Знакомились в тамбуре. Выхожу курить, щупаю карманы, ни спичек, ни кресала. Она у двери, курит крутняк. Сквозь наушники слышу: Waiting for the death blow, waiting for the death blow, waiting for the death blow [54]. Протягивает зажигалку. На руке наколка в виде змеи. Впервые вижу женщину с татуировкой. Вместо благодарности, ору сквозь стук колёс: It doesn't matter if we all die. Ambition in the back of a black car. In a high building there is so much to do. Going home time. A story on the radio [55].

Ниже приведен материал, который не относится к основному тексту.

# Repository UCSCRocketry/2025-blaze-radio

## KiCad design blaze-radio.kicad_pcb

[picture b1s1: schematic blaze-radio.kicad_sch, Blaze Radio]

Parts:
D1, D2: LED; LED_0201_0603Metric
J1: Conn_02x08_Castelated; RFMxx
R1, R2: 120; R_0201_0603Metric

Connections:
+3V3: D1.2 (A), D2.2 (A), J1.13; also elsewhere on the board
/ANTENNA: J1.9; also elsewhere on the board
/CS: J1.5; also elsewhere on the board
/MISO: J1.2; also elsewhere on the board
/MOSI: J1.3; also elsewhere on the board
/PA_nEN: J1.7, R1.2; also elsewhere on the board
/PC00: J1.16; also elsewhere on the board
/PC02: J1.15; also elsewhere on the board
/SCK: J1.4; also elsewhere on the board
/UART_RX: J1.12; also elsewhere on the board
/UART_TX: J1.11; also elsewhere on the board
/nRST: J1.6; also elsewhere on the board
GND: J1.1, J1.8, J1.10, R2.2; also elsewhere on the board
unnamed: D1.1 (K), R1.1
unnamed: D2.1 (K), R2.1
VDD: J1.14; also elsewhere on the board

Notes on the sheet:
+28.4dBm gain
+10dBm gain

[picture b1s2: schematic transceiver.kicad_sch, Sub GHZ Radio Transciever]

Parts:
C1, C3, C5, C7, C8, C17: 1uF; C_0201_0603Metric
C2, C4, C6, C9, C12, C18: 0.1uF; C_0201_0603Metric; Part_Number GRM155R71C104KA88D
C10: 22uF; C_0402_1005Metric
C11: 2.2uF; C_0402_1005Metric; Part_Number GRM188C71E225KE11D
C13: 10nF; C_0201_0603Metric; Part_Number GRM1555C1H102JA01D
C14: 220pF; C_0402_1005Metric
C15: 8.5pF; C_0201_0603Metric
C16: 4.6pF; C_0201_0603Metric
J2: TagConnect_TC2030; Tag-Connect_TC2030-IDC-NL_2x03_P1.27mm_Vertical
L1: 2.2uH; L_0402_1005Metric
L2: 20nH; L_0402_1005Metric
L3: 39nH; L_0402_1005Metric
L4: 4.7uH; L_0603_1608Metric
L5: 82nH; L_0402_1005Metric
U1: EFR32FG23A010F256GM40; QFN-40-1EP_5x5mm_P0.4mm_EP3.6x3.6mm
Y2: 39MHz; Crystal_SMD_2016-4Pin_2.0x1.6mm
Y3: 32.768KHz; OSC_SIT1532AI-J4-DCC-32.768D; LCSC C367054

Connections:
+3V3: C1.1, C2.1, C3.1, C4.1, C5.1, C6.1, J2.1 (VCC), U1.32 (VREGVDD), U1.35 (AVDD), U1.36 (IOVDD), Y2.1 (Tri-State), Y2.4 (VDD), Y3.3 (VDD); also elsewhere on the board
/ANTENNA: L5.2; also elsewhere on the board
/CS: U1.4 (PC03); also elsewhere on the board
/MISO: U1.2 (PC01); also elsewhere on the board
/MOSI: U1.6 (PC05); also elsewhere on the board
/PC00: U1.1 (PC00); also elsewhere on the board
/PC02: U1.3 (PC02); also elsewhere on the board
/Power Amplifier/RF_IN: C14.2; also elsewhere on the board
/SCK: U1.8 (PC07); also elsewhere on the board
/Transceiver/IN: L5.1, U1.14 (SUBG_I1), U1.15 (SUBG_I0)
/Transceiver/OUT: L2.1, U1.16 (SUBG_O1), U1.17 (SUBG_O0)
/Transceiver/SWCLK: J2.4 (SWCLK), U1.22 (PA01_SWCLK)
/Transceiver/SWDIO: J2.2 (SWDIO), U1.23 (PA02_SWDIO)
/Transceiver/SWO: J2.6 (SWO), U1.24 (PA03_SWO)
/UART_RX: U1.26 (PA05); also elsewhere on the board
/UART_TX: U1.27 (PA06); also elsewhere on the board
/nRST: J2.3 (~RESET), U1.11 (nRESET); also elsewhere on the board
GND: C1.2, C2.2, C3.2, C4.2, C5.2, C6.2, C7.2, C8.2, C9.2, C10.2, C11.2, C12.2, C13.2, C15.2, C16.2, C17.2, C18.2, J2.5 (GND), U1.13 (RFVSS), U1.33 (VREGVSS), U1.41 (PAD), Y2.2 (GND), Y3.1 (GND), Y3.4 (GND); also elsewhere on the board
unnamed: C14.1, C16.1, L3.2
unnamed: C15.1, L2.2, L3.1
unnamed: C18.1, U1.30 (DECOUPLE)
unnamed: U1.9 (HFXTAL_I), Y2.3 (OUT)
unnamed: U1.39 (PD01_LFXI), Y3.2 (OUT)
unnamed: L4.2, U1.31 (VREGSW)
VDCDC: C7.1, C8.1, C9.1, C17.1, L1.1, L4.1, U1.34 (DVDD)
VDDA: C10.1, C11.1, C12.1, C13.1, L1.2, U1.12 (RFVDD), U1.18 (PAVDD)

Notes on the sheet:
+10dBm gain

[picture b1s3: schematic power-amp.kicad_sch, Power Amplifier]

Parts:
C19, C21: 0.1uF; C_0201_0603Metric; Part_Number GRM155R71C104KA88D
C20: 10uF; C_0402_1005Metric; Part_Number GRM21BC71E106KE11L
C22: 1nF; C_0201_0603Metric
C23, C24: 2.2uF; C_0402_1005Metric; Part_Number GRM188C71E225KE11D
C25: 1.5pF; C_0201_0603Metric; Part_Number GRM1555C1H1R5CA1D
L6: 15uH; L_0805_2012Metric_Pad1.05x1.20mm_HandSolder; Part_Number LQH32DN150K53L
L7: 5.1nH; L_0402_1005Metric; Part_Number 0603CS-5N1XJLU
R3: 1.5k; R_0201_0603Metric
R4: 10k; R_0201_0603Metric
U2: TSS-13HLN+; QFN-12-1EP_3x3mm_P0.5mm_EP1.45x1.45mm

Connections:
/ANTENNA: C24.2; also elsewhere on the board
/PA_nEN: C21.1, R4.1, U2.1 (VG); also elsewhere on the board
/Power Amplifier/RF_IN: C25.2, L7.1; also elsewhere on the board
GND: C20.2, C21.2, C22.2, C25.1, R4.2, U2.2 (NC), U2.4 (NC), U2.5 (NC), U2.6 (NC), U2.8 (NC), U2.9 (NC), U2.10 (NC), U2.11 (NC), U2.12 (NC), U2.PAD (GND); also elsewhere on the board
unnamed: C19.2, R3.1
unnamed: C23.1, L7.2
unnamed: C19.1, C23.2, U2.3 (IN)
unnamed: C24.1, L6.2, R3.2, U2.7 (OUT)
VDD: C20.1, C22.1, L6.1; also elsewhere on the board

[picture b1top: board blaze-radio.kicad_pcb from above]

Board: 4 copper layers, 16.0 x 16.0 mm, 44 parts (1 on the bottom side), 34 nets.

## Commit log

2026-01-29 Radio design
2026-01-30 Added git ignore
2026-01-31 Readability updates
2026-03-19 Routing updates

В ответ Килл вынимает наушник и вставляет мне в ухо. Затягиваемся, курим. Едем в Париж, mother fucker.
– I am Kill (она).
– I am Phil (я) [56].
Терпеть не могу, когда меня зовут Фил (но мне самому, в виде исключения, можно, тем более, когда в рифму). Прикид у Килл откатись. Всё чёрное, короткая юбка, две пары рваных колгот. Бутсы. На шее ошейник с тремя шипами. Серебряный браслет и три-четыре кольца. Уши и губа пробиты гвоздями под названием проколы (слышу слово впервые). Сходимся на любви к Роберту Смиту. Мы с Робертом одного года рождения, только он об этом не знает. У меня есть все его диски.